I read an interesting article in Dr. Dobbs today about embedding code in XML (XML-Based Programming Systems by Gregory V. Wilson, March 2003). The article predicts that one day soon we will be writing in languages based entirely on XML. This of course would have some drawbacks:

  • The code would be completely unreadable by human beings
  • We would be completely dependent on our IDE (take that, vi geeks!)

On the upside:

  • Code and comments could be intermixed in the code and still be accessible programmatically (javadoc++)
  • Code could be reverse engineered using all the features of XML (imagine Reflection with XPath support)
  • And best of all (imho), third party plugins could add tags into your code without getting in your way.
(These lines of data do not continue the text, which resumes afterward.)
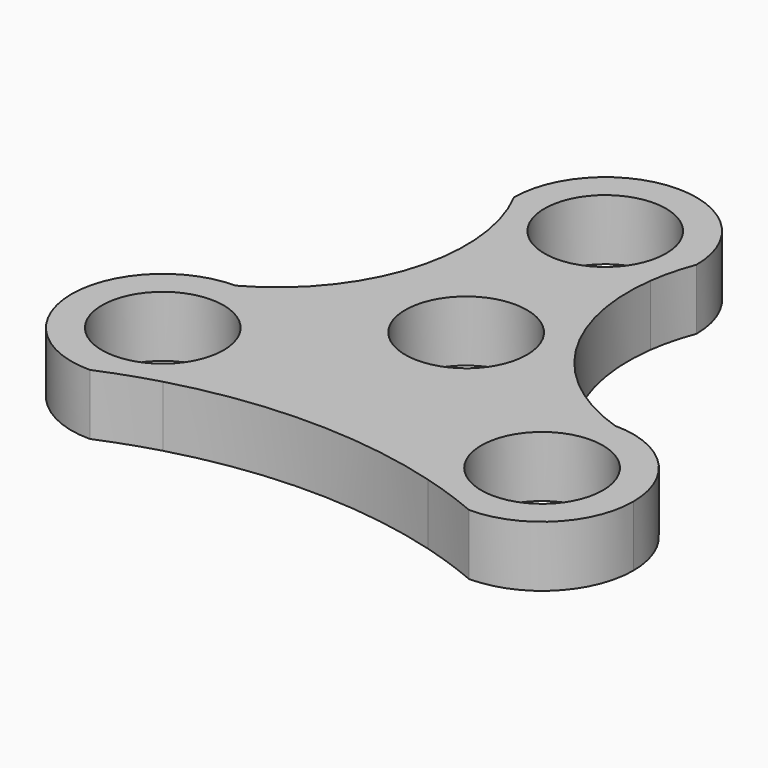
from build123d import *

# Parameters (mm, degrees)
F1_DEPTH = 25.4
F2_R     = 6.35
F3_DEPTH = 25.401
F4_DEPTH = 19.05
F5_R     = 6.35
F6_DEPTH = 6.351


with BuildPart() as f1:
    # F0 (on Top) → F1 (new body)
    with BuildSketch(Plane.XY):
        with BuildLine():
            ThreePointArc((-11.9960894898, 7.8287454173), (-22.8140252531, 16.2307401146), (-25.7390544228, 29.6122741608))
            ThreePointArc((-25.7390544228, 29.6122741608), (-33.3767507176, 24.6782589704), (-41.673253936, 28.3994073062))
            ThreePointArc((-41.673253936, 28.3994073062), (-43.3440087931, 16.5245060033), (-51.6016386333, 7.8287454173))
            ThreePointArc((-51.6016386333, 7.8287454173), (-44.8664465425, 5.0389375081), (-42.0766386333, -1.6962545827))
            ThreePointArc((-42.0766386333, -1.6962545827), (-43.013362785, -5.8153737791), (-45.6392933218, -9.1243137765))
            ThreePointArc((-45.6392933218, -9.1243137765), (-31.7988640615, -7.20255554), (-17.9584348012, -9.1243137765))
            ThreePointArc((-17.9584348012, -9.1243137765), (-20.9815746971, 1.463916392), (-11.9960894898, 7.8287454173))
        make_face()
        with BuildLine():
            ThreePointArc((-42.0766386333, -1.6962545827), (-44.8664465425, 5.0389375081), (-51.6016386333, 7.8287454173))
            ThreePointArc((-51.6016386333, 7.8287454173), (-61.1266386333, -1.6962545827), (-51.6016386333, -11.2212545827))
            ThreePointArc((-51.6016386333, -11.2212545827), (-48.6531092599, -10.0799677677), (-45.6392933218, -9.1243137765))
            ThreePointArc((-45.6392933218, -9.1243137765), (-43.013362785, -5.8153737791), (-42.0766386333, -1.6962545827))
        make_face()
        with BuildLine():
            ThreePointArc((-2.4710894898, -1.6962545827), (-5.260897399, 5.0389375081), (-11.9960894898, 7.8287454173))
            ThreePointArc((-11.9960894898, 7.8287454173), (-20.9815746971, 1.463916392), (-17.9584348012, -9.1243137765))
            ThreePointArc((-17.9584348012, -9.1243137765), (-14.9446188632, -10.0799677677), (-11.9960894898, -11.2212545827))
            ThreePointArc((-11.9960894898, -11.2212545827), (-5.260897399, -8.4314466735), (-2.4710894898, -1.6962545827))
        make_face()
        with BuildLine():
            ThreePointArc((-25.7390544228, 29.6122741608), (-25.2909601874, 31.9282439717), (-24.5746759409, 34.175785181))
            ThreePointArc((-24.5746759409, 34.175785181), (-34.0996759409, 43.700785181), (-43.6246759409, 34.175785181))
            ThreePointArc((-43.6246759409, 34.175785181), (-42.4236958583, 31.3636984394), (-41.673253936, 28.3994073062))
            ThreePointArc((-41.673253936, 28.3994073062), (-33.3767507176, 24.6782589704), (-25.7390544228, 29.6122741608))
        make_face()
    extrude(amount=F1_DEPTH)

    # F2 (on face) → F3 (cut, through all)
    with BuildSketch(Plane.XY.offset(25.4)):
        with Locations((-51.6016386333, -1.6962545827)):
            Circle(F2_R)
        with Locations((-11.9960894898, -1.6962545827)):
            Circle(F2_R)
        with Locations((-34.0996759409, 34.175785181)):
            Circle(F2_R)
    extrude(amount=-F3_DEPTH, mode=Mode.SUBTRACT)

    # F4 (cut): a face of the model
    f4_faces = [f1.faces().sort_by_distance(p)[0] for p in [
        (-32.4383450301, 9.0422986836, 25.4),
    ]]
    extrude(f4_faces, amount=-F4_DEPTH, mode=Mode.SUBTRACT)

    # F5 (on face) → F6 (cut, through all)
    with BuildSketch(Plane.XY.offset(6.35)):
        with Locations((-31.778564126, 13.1174343201)):
            Circle(F5_R)
    extrude(amount=-F6_DEPTH, mode=Mode.SUBTRACT)


solid = f1.part
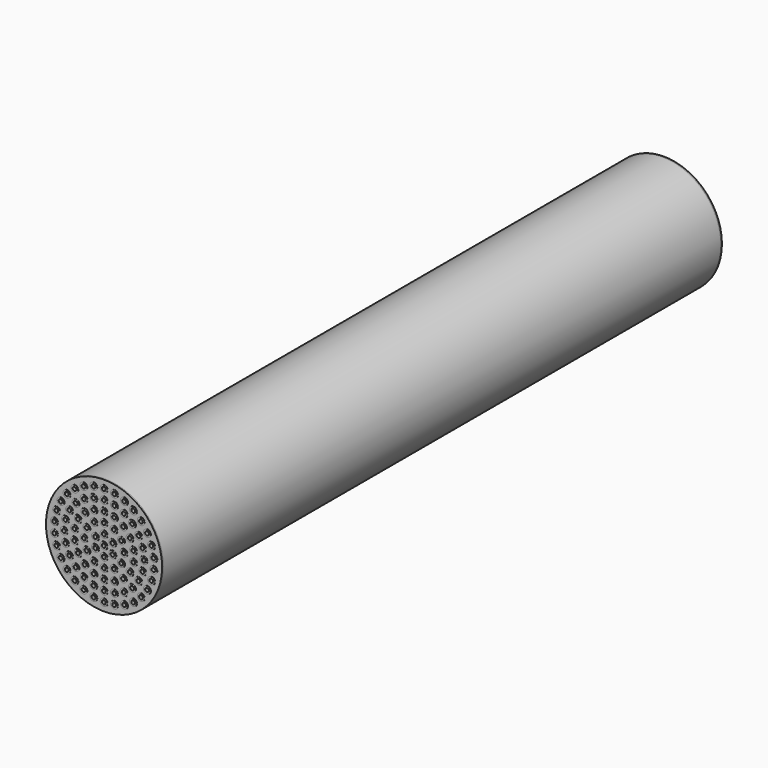
from build123d import *

# Parameters (mm, degrees)
F0_R          = 50.8
F0_R_2        = 49.276
F1_DEPTH      = 609.6
F0_R_3        = 3.175
F2_DEPTH      = 611.124
F2_DEPTH_BACK = 1.524
F3_T          = -1.524
F4_START      = 609.6
F4_DEPTH      = 1.27
F5_DEPTH      = 1.27


# Not quite as in the source:
# - a shell that OpenCascade refuses in one call is made with other operations: the cavity is built on its own and cut out


with BuildPart() as f1:
    # F0 (on Front) → F1 (new body)
    with BuildSketch(Plane.XZ):
        Circle(F0_R)
        Circle(F0_R_2, mode=Mode.SUBTRACT)
    extrude(amount=F1_DEPTH)


with BuildPart() as f2:
    # F0 (on Front) → F2 (new body, two sides)
    with BuildSketch(Plane.XZ) as f2_sk:
        with Locations((32.4429162872, 29.2117330339)):
            Circle(F0_R_3)
        with Locations((22.6844529204, -13.096875)):
            Circle(F0_R_3)
        with Locations((-9.0392551502, -33.7349594831)):
            Circle(F0_R_3)
        with Locations((-17.4625, -30.2459372272)):
            Circle(F0_R_3)
        with Locations((-8.9587901292, 24.6140735857)):
            Circle(F0_R_3)
        with Locations((-37.807421534, -21.828125)):
            Circle(F0_R_3)
        with Locations((-32.4429162872, -29.2117330339)):
            Circle(F0_R_3)
        with Locations((-30.2459372272, -17.4625)):
            Circle(F0_R_3)
        with Locations((-22.6844529204, 13.096875)):
            Circle(F0_R_3)
        with Locations((17.7565965743, -39.8819688852)):
            Circle(F0_R_3)
        with Locations((-9.0766447523, 42.7022561945)):
            Circle(F0_R_3)
        with Locations((25.7958080805, -4.5484969538)):
            Circle(F0_R_3)
        with Locations((0, -34.925)):
            Circle(F0_R_3)
        with Locations((-9.0766447523, -42.7022561945)):
            Circle(F0_R_3)
        with Locations((17.7565965743, 39.8819688852)):
            Circle(F0_R_3)
        with Locations((-25.6604999204, -35.3186481607)):
            Circle(F0_R_3)
        with Locations((-15.1229686136, -8.73125)):
            Circle(F0_R_3)
        with Locations((-41.5195610395, 13.4905231607)):
            Circle(F0_R_3)
        with Locations((9.0392551502, -33.7349594831)):
            Circle(F0_R_3)
        with Locations((-16.8370179512, -20.0655766319)):
            Circle(F0_R_3)
        with Locations((8.9587901292, -24.6140735857)):
            Circle(F0_R_3)
        with Locations((37.807421534, -21.828125)):
            Circle(F0_R_3)
        with Locations((16.8370179512, -20.0655766319)):
            Circle(F0_R_3)
        with Locations((25.7958080805, 4.5484969538)):
            Circle(F0_R_3)
        with Locations((43.4170964947, 4.5633207245)):
            Circle(F0_R_3)
        with Locations((-24.6957043329, -24.6957043329)):
            Circle(F0_R_3)
        with Locations((-33.7349594831, -9.0392551502)):
            Circle(F0_R_3)
        with Locations((-8.9587901292, -24.6140735857)):
            Circle(F0_R_3)
        with Locations((16.8370179512, 20.0655766319)):
            Circle(F0_R_3)
        with Locations((-15.1229686136, 8.73125)):
            Circle(F0_R_3)
        with Locations((33.7349594831, -9.0392551502)):
            Circle(F0_R_3)
        with Locations((9.0766447523, 42.7022561945)):
            Circle(F0_R_3)
        with Locations((0, 8.73125)):
            Circle(F0_R_3)
        with Locations((0, 34.925)):
            Circle(F0_R_3)
        with Locations((0, 43.65625)):
            Circle(F0_R_3)
        with Locations((-7.5614843068, -4.365625)):
            Circle(F0_R_3)
        with Locations((-7.5614843068, 4.365625)):
            Circle(F0_R_3)
        with Locations((7.5614843068, 4.365625)):
            Circle(F0_R_3)
        with Locations((-8.73125, 15.1229686136)):
            Circle(F0_R_3)
        with Locations((0, -17.4625)):
            Circle(F0_R_3)
        with Locations((37.807421534, 21.828125)):
            Circle(F0_R_3)
        with Locations((30.2459372272, -17.4625)):
            Circle(F0_R_3)
        with Locations((34.925, 0)):
            Circle(F0_R_3)
        with Locations((24.6957043329, 24.6957043329)):
            Circle(F0_R_3)
        with Locations((25.6604999204, 35.3186481607)):
            Circle(F0_R_3)
        with Locations((15.1229686136, -8.73125)):
            Circle(F0_R_3)
        with Locations((41.5195610395, -13.4905231607)):
            Circle(F0_R_3)
        with Locations((-37.807421534, 21.828125)):
            Circle(F0_R_3)
        with Locations((-43.4170964947, -4.5633207245)):
            Circle(F0_R_3)
        with Locations((41.5195610395, 13.4905231607)):
            Circle(F0_R_3)
        with Locations((17.4625, 0)):
            Circle(F0_R_3)
        with Locations((43.4170964947, -4.5633207245)):
            Circle(F0_R_3)
        with Locations((17.4625, 30.2459372272)):
            Circle(F0_R_3)
        with Locations((-34.925, 0)):
            Circle(F0_R_3)
        with Locations((-25.7958080805, -4.5484969538)):
            Circle(F0_R_3)
        with Locations((0, -26.19375)):
            Circle(F0_R_3)
        with Locations((15.1229686136, 8.73125)):
            Circle(F0_R_3)
        with Locations((-17.7565965743, -39.8819688852)):
            Circle(F0_R_3)
        with Locations((9.0766447523, -42.7022561945)):
            Circle(F0_R_3)
        with Locations((9.0392551502, 33.7349594831)):
            Circle(F0_R_3)
        with Locations((17.4625, -30.2459372272)):
            Circle(F0_R_3)
        with Locations((22.6844529204, 13.096875)):
            Circle(F0_R_3)
        with Locations((-22.6844529204, -13.096875)):
            Circle(F0_R_3)
        with Locations((-33.7349594831, 9.0392551502)):
            Circle(F0_R_3)
        with Locations((32.4429162872, -29.2117330339)):
            Circle(F0_R_3)
        with Locations((33.7349594831, 9.0392551502)):
            Circle(F0_R_3)
        with Locations((-17.4625, 30.2459372272)):
            Circle(F0_R_3)
        with Locations((-24.6957043329, 24.6957043329)):
            Circle(F0_R_3)
        with Locations((-25.7958080805, 4.5484969538)):
            Circle(F0_R_3)
        with Locations((24.6957043329, -24.6957043329)):
            Circle(F0_R_3)
        with Locations((8.73125, 15.1229686136)):
            Circle(F0_R_3)
        with Locations((-25.6604999204, 35.3186481607)):
            Circle(F0_R_3)
        with Locations((-17.4625, 0)):
            Circle(F0_R_3)
        with Locations((-8.73125, -15.1229686136)):
            Circle(F0_R_3)
        with Locations((25.6604999204, -35.3186481607)):
            Circle(F0_R_3)
        with Locations((-17.7565965743, 39.8819688852)):
            Circle(F0_R_3)
        with Locations((0, -43.65625)):
            Circle(F0_R_3)
        with Locations((30.2459372272, 17.4625)):
            Circle(F0_R_3)
        with Locations((-30.2459372272, 17.4625)):
            Circle(F0_R_3)
        with Locations((8.73125, -15.1229686136)):
            Circle(F0_R_3)
        Circle(F0_R_3)
        with Locations((-43.4170964947, 4.5633207245)):
            Circle(F0_R_3)
        with Locations((0, 26.19375)):
            Circle(F0_R_3)
        with Locations((0, 17.4625)):
            Circle(F0_R_3)
        with Locations((0, -8.73125)):
            Circle(F0_R_3)
        with Locations((-32.4429162872, 29.2117330339)):
            Circle(F0_R_3)
        with Locations((7.5614843068, -4.365625)):
            Circle(F0_R_3)
        with Locations((-9.0392551502, 33.7349594831)):
            Circle(F0_R_3)
        with Locations((8.9587901292, 24.6140735857)):
            Circle(F0_R_3)
        with Locations((-41.5195610395, -13.4905231607)):
            Circle(F0_R_3)
        with Locations((-16.8370179512, 20.0655766319)):
            Circle(F0_R_3)
    extrude(amount=F2_DEPTH)
    extrude(f2_sk.sketch, amount=-F2_DEPTH_BACK)

    # F3: a shell. OpenCascade refuses it in one call, so the cavity is built on its own and cut out:
    # the body offset inwards by the wall thickness, plus a prism from it out through each open face.
    f3_core = offset(f2.part, amount=F3_T, kind=Kind.INTERSECTION, mode=Mode.PRIVATE)
    f3_exits = [f3_core.faces().sort_by_distance(p)[0] for p in [
        (0, -609.6, -43.65625),
        (-9.076645, -609.6, -42.702256),
        (-17.756597, -609.6, -39.881969),
        (-25.6605, -609.6, -35.318648),
        (-32.442916, -609.6, -29.211733),
        (-37.807422, -609.6, -21.828125),
        (-41.519561, -609.6, -13.490523),
        (-43.417096, -609.6, -4.563321),
        (-43.417096, -609.6, 4.563321),
        (-41.519561, -609.6, 13.490523),
        (-37.807422, -609.6, 21.828125),
        (-32.442916, -609.6, 29.211733),
        (-25.6605, -609.6, 35.318648),
        (-17.756597, -609.6, 39.881969),
        (-9.076645, -609.6, 42.702256),
        (-30.245937, -609.6, -17.4625),
        (-33.734959, -609.6, -9.039255),
        (-34.925, -609.6, 0),
        (-33.734959, -609.6, 9.039255),
        (-30.245937, -609.6, 17.4625),
        (-24.695704, -609.6, 24.695704),
        (0, -609.6, 43.65625),
        (9.076645, -609.6, -42.702256),
        (-9.039255, -609.6, -33.734959),
        (-9.039255, -609.6, 33.734959),
        (17.756597, -609.6, 39.881969),
        (17.756597, -609.6, -39.881969),
        (0, -609.6, -34.925),
        (-17.4625, -609.6, -30.245937),
        (-24.695704, -609.6, -24.695704),
        (-17.4625, -609.6, 30.245937),
        (-16.837018, -609.6, -20.065577),
        (-22.684453, -609.6, -13.096875),
        (-25.795808, -609.6, -4.548497),
        (-25.795808, -609.6, 4.548497),
        (-22.684453, -609.6, 13.096875),
        (-16.837018, -609.6, 20.065577),
        (-8.95879, -609.6, 24.614074),
        (-15.122969, -609.6, -8.73125),
        (-17.4625, -609.6, 0),
        (-15.122969, -609.6, 8.73125),
        (0, -609.6, 34.925),
        (9.076645, -609.6, 42.702256),
        (9.039255, -609.6, 33.734959),
        (9.039255, -609.6, -33.734959),
        (-7.561484, -609.6, -4.365625),
        (-7.561484, -609.6, 4.365625),
        (25.6605, -609.6, 35.318648),
        (25.6605, -609.6, -35.318648),
        (17.4625, -609.6, 30.245937),
        (17.4625, -609.6, -30.245937),
        (8.95879, -609.6, 24.614074),
        (0, -609.6, -26.19375),
        (-8.95879, -609.6, -24.614074),
        (0, -609.6, -17.4625),
        (-8.73125, -609.6, -15.122969),
        (-8.73125, -609.6, 15.122969),
        (7.561484, -609.6, 4.365625),
        (7.561484, -609.6, -4.365625),
        (0, -609.6, -8.73125),
        (0, -609.6, 26.19375),
        (0, -609.6, 17.4625),
        (0, -609.6, 8.73125),
        (0, -609.6, 0),
        (32.442916, -609.6, 29.211733),
        (32.442916, -609.6, -29.211733),
        (24.695704, -609.6, 24.695704),
        (16.837018, -609.6, 20.065577),
        (25.795808, -609.6, 4.548497),
        (25.795808, -609.6, -4.548497),
        (16.837018, -609.6, -20.065577),
        (8.95879, -609.6, -24.614074),
        (8.73125, -609.6, 15.122969),
        (15.122969, -609.6, 8.73125),
        (17.4625, -609.6, 0),
        (15.122969, -609.6, -8.73125),
        (8.73125, -609.6, -15.122969),
        (37.807422, -609.6, 21.828125),
        (43.417096, -609.6, 4.563321),
        (43.417096, -609.6, -4.563321),
        (30.245937, -609.6, 17.4625),
        (33.734959, -609.6, 9.039255),
        (34.925, -609.6, 0),
        (33.734959, -609.6, -9.039255),
        (30.245937, -609.6, -17.4625),
        (24.695704, -609.6, -24.695704),
        (22.684453, -609.6, 13.096875),
        (22.684453, -609.6, -13.096875),
        (41.519561, -609.6, 13.490523),
        (41.519561, -609.6, -13.490523),
        (37.807422, -609.6, -21.828125),
        (-25.6605, 0, -35.318648),
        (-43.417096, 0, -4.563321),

Lets reflect on that last point a bit. Think about all those third party apps that leave droppings in your code: Together's UML javadoc tags; the generated code from JBuilder's GUI Designer (oh! the humanity!); xDoclet's code generation tags; the javadoc comments from that damned web guy!!!; the obscure javadoc tags that the company standards force you to add; and the list just goes on. By extending an XML based syntax, all of that information could be in the code, and your IDE would simply hide the features you don't need to see.

Just like IDEA will allow javadoc to collapse or expand, IDEs of the future could have an expandable dialog with a tree of dependencies; or a SVG drawing of data interaction in a given method.

I have to admit, I got most of the way through the article before I could even except the idea of not saving my source code as plain old text. But being such a big fan of open source, I have to admit, this would be a feature that would really interest me. If the language and it's markup could be extended by any number of third party tools, there would be no end to the inventive combinations of features.

When the open source community gets a hold of a flexible set of interchangeable components, they have a tendency to go to town. Just imagine what we could make with this.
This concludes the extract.